Review: Noah (2014)


Long in development, Darren Aronofsky’s version of Noah, a biblical story that’s a staple of many religions, takes many liberties with its source material (angels are rock monsters dubbed The Watchers and God is referred to only as The Creator), yet delivers something that’s not only epic in scale, but powerful and valid too. Foretold that the world will soon be destroyed through dreams and visions, Noah (Russell Crowe) builds an ark to protect all that creeps, crawls and slithers, as well as his family – wife Naameh (Jennifer Connelly), their three sons Ham (Logan Lerman), Shem (Douglas Booth), Japheth (Leo McHugh Carroll), and Shem’s partner Ila (Emma Watson) – from The Creator’s desire to cleanse the world of all its evils, including ruthless Tubal-cain (Ray Winstone).
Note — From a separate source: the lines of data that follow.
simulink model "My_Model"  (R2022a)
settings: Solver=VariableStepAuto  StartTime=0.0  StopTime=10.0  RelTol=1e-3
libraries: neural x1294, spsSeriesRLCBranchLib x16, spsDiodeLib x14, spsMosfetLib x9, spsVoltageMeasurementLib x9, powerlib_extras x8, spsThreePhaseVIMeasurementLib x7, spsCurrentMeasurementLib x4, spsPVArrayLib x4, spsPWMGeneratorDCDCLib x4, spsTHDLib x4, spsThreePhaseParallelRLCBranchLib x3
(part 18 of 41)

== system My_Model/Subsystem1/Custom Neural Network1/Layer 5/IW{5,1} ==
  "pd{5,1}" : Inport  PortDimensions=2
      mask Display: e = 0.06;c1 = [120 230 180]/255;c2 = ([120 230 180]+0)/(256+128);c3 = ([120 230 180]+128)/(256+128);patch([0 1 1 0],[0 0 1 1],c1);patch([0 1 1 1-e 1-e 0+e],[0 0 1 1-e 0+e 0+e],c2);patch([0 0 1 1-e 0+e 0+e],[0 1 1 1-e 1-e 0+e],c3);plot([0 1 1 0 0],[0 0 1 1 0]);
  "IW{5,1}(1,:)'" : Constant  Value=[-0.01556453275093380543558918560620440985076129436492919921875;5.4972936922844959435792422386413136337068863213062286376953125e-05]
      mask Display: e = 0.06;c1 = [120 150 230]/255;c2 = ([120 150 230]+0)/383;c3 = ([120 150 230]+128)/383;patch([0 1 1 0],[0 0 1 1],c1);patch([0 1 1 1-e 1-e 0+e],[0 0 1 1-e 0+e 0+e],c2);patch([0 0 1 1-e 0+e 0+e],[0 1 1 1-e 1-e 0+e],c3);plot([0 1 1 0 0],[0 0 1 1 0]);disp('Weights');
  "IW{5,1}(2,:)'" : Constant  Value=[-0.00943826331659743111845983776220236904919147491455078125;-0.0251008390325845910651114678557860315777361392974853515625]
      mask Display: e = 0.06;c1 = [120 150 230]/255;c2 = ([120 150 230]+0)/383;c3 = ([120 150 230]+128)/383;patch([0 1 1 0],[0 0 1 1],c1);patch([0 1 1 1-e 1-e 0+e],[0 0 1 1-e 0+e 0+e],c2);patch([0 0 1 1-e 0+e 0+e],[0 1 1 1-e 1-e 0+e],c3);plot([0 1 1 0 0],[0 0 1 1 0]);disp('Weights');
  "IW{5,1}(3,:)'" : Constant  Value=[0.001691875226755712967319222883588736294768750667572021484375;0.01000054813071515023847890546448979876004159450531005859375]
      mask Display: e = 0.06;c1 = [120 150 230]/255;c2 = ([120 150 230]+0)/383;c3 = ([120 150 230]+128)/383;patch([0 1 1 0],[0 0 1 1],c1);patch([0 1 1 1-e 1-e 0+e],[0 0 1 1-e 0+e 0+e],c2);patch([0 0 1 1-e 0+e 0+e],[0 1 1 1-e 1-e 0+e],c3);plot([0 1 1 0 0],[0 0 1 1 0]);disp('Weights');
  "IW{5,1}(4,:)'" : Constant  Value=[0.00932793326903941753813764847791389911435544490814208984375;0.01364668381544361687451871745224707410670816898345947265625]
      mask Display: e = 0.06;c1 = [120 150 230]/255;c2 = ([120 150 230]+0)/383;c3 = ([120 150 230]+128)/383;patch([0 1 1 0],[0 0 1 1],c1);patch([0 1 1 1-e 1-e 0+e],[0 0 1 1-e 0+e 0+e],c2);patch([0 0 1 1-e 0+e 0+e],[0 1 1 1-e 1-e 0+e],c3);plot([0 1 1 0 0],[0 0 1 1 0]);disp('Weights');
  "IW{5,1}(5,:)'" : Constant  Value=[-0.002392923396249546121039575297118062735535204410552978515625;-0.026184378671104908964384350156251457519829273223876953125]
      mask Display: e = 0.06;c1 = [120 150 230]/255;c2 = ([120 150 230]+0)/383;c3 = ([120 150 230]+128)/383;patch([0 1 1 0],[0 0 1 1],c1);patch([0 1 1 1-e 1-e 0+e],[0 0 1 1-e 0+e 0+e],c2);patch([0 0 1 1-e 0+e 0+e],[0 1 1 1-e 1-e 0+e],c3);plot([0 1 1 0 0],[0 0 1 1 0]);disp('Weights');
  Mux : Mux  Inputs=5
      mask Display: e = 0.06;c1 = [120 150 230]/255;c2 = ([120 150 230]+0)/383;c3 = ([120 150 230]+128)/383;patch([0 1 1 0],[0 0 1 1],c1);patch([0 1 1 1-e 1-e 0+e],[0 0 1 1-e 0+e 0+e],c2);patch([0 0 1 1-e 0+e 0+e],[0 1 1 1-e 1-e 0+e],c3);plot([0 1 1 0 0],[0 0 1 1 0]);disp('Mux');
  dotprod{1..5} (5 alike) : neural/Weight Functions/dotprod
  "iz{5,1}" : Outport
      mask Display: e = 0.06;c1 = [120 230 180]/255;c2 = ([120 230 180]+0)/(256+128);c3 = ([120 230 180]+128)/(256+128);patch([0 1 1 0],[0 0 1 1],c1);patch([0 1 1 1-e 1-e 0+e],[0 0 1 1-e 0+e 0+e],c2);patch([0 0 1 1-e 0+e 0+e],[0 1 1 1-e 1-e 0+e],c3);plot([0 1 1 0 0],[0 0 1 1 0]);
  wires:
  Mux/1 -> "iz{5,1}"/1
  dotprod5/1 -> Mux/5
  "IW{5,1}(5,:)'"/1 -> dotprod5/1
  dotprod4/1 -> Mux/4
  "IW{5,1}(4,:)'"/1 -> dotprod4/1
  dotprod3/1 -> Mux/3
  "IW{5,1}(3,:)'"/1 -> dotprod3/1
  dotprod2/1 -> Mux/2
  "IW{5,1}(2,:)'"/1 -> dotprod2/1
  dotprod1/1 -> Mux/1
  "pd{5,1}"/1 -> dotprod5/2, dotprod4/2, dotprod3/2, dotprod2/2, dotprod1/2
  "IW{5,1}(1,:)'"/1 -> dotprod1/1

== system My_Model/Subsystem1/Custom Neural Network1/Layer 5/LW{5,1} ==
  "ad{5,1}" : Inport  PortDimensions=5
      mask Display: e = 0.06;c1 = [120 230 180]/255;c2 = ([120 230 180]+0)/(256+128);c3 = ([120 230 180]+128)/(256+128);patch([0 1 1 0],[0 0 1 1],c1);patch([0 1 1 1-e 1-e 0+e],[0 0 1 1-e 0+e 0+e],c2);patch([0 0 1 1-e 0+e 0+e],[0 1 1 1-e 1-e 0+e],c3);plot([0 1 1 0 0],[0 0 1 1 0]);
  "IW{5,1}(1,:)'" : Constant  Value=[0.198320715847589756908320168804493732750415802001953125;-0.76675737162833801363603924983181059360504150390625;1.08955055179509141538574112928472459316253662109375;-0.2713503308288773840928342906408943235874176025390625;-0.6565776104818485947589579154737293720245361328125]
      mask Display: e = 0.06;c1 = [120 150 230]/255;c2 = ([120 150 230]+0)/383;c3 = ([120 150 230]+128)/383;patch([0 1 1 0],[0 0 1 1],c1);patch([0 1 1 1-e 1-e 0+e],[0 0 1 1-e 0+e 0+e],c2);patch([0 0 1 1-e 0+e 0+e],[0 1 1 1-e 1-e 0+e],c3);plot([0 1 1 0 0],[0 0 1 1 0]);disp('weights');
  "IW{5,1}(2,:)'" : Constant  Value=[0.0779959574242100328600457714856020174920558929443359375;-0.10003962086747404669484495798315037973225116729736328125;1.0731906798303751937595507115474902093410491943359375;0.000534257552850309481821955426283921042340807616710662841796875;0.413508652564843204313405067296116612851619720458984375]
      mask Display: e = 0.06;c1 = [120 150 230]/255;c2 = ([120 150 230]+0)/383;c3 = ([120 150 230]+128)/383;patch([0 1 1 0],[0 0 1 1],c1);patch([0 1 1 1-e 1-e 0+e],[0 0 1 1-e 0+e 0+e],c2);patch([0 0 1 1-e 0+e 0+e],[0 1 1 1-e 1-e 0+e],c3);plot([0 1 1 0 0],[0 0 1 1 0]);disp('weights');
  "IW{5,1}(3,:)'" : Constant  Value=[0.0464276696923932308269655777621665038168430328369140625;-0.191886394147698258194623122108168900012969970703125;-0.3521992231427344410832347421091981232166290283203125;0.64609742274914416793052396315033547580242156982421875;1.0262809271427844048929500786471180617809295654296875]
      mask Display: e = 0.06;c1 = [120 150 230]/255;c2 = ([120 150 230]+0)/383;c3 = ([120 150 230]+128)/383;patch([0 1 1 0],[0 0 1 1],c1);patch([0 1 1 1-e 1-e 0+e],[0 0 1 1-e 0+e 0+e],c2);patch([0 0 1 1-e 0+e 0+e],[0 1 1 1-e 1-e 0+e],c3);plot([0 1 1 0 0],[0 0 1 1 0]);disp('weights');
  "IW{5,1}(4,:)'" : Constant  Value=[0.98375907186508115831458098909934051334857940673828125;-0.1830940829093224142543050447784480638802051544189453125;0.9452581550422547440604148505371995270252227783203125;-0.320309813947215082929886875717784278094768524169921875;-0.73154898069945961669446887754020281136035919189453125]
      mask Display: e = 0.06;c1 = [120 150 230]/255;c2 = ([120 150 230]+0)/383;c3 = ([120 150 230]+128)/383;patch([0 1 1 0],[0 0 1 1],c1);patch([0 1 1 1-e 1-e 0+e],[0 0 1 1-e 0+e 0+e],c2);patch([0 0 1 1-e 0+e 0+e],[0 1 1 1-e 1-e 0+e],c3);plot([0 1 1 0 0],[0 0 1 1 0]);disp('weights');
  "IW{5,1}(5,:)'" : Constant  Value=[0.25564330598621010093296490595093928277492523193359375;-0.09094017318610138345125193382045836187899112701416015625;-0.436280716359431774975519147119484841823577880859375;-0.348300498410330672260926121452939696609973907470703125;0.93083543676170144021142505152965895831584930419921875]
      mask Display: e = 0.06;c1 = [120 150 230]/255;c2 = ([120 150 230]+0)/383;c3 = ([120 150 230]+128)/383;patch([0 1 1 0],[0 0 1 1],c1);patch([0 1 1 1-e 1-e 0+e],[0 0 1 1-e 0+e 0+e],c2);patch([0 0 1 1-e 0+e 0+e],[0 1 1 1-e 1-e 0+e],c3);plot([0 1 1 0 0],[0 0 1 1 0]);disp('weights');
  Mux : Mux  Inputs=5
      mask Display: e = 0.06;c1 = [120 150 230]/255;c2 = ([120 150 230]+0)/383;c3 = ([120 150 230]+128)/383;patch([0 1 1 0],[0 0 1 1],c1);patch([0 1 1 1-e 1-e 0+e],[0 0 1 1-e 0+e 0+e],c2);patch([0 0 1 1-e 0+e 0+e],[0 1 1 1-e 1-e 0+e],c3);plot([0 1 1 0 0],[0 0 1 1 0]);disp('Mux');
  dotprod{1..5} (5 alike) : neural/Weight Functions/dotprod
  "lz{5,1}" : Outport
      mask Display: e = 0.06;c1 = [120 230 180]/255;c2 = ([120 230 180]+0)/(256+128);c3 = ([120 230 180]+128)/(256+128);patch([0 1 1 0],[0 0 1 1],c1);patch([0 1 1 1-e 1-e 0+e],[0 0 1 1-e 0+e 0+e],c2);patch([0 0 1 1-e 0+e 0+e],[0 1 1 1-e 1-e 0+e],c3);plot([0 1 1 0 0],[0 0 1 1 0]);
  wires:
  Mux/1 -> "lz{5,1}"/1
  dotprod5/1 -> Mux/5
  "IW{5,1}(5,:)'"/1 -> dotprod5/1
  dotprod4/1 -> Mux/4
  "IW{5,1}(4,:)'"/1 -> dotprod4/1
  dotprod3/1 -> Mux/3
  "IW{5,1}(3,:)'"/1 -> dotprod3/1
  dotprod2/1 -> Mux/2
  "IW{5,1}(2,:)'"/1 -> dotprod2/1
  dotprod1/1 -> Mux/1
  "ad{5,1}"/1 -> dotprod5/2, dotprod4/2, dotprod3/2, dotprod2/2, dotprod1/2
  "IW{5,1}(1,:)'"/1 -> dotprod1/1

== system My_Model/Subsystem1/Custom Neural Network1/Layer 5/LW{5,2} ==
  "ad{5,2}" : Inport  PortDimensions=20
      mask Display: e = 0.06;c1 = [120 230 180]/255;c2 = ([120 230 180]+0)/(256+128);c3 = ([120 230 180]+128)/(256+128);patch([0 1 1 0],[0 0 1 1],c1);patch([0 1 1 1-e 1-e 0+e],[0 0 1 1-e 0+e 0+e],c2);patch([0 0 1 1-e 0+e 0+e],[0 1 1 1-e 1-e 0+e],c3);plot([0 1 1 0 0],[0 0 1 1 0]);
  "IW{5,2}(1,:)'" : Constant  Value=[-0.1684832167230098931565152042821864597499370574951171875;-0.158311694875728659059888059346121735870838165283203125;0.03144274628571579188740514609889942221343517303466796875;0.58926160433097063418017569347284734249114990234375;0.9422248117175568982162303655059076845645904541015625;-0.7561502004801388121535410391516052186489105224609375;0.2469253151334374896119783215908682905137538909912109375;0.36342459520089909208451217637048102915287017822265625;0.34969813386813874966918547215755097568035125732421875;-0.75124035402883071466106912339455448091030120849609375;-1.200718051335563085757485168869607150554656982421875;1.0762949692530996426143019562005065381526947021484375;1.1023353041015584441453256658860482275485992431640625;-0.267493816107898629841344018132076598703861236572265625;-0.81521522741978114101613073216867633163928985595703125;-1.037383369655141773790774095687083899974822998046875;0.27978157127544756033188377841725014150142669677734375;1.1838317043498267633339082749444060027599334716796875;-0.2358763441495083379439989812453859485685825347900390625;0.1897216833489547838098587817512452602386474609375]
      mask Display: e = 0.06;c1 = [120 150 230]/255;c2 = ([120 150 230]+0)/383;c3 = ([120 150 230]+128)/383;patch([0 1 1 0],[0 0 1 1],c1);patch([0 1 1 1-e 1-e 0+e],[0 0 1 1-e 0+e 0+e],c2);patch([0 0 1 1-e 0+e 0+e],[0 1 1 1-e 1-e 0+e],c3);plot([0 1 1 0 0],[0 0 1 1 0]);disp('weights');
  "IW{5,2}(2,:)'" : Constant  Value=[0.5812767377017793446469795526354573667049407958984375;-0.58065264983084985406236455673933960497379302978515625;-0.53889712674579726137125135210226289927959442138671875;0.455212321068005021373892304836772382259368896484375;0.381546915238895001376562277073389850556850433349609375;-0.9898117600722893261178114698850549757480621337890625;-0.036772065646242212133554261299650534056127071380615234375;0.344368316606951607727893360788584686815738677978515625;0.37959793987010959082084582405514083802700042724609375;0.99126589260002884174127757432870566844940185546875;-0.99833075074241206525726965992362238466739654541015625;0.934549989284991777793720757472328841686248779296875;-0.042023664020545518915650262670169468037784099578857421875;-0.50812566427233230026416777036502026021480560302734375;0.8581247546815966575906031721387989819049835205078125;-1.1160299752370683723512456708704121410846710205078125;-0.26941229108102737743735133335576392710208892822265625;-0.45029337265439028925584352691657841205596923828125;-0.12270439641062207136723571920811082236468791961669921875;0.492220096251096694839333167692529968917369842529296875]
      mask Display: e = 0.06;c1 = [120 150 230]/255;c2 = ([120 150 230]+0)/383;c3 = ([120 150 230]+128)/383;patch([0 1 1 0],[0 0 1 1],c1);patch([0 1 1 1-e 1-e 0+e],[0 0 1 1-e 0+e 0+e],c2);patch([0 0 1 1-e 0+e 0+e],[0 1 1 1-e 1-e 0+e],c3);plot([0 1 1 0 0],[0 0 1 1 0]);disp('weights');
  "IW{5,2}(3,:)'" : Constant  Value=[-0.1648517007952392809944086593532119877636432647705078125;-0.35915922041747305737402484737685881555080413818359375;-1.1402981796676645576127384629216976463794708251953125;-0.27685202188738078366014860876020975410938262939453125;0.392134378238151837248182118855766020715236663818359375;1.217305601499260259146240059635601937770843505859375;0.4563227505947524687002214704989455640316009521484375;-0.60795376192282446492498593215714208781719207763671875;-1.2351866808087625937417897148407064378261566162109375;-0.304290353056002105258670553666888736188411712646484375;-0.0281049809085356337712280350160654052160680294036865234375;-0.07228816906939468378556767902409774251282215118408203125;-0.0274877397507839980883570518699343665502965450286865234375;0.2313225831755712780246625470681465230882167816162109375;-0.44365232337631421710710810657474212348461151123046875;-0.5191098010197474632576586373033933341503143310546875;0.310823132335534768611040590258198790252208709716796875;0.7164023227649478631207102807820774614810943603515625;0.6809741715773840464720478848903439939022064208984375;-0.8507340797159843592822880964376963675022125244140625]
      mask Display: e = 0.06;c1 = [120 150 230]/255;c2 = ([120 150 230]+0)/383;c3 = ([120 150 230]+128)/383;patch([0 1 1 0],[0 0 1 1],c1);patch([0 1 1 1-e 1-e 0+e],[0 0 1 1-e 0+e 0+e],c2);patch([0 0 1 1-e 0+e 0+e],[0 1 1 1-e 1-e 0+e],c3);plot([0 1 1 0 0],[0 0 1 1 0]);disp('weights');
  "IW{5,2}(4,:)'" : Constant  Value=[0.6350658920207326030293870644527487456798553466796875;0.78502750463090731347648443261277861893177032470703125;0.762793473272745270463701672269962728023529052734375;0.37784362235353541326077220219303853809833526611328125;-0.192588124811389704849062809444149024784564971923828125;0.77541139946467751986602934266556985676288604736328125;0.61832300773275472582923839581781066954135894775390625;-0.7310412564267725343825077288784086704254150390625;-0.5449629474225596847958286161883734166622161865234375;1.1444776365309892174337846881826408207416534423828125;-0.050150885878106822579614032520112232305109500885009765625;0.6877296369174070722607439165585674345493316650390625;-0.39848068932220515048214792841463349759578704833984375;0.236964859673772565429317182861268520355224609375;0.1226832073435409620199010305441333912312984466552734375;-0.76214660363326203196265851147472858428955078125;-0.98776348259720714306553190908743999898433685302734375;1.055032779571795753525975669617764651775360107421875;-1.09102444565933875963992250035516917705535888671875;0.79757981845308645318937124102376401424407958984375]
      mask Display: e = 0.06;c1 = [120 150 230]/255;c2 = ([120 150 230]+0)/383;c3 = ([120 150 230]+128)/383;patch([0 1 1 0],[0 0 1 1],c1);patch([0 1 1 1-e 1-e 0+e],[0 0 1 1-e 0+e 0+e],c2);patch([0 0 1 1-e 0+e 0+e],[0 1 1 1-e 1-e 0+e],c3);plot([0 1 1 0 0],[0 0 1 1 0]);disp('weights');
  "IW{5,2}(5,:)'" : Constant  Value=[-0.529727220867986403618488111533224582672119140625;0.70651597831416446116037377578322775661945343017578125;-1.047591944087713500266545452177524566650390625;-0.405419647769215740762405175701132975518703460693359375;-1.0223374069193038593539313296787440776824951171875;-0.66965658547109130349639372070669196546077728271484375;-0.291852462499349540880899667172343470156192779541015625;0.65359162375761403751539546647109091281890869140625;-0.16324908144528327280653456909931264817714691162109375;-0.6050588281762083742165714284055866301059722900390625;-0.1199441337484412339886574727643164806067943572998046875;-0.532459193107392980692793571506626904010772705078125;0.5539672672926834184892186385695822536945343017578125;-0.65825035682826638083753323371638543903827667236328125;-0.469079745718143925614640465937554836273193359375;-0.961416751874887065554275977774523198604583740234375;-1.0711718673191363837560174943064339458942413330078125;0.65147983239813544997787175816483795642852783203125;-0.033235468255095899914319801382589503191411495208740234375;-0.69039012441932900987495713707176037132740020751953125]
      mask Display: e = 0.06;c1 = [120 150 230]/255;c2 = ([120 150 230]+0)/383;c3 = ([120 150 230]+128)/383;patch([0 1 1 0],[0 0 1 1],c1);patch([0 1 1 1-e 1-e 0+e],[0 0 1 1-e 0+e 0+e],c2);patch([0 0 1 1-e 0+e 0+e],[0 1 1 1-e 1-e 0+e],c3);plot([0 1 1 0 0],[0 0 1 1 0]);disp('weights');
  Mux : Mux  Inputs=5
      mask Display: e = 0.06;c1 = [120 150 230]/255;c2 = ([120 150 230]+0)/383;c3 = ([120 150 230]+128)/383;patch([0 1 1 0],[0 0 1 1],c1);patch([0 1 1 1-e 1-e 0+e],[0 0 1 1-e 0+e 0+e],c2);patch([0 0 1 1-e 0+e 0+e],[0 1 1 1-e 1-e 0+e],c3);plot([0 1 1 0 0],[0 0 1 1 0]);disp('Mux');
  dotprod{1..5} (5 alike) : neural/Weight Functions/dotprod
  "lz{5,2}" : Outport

If it’s the all singing, all dancing Sunday school version of Noah that you’re looking for, then this isn’t the film for you. Aronofsky and co-writer Ari Handel have reworked the story to be dark and broody – one of tested morals and conflicted ideals as Noah’s effectively told to turn his back on mankind no matter what. The barren landscape, which is beautifully captured through Matthew Libatique’s textured cinematography, in which the film is set accentuates these feelings and creates an impression of how bleak and murky the world – and the people who inhabit it – has become. It’s a tough, gruelling watch, but one that resonates long after it finishes nonetheless. It also features some terrific performances, namely from Crowe and Watson, a haunting score from Cliff Mansell and a sequence detailing the Earth’s creation that’s utterly distinctive and inspired.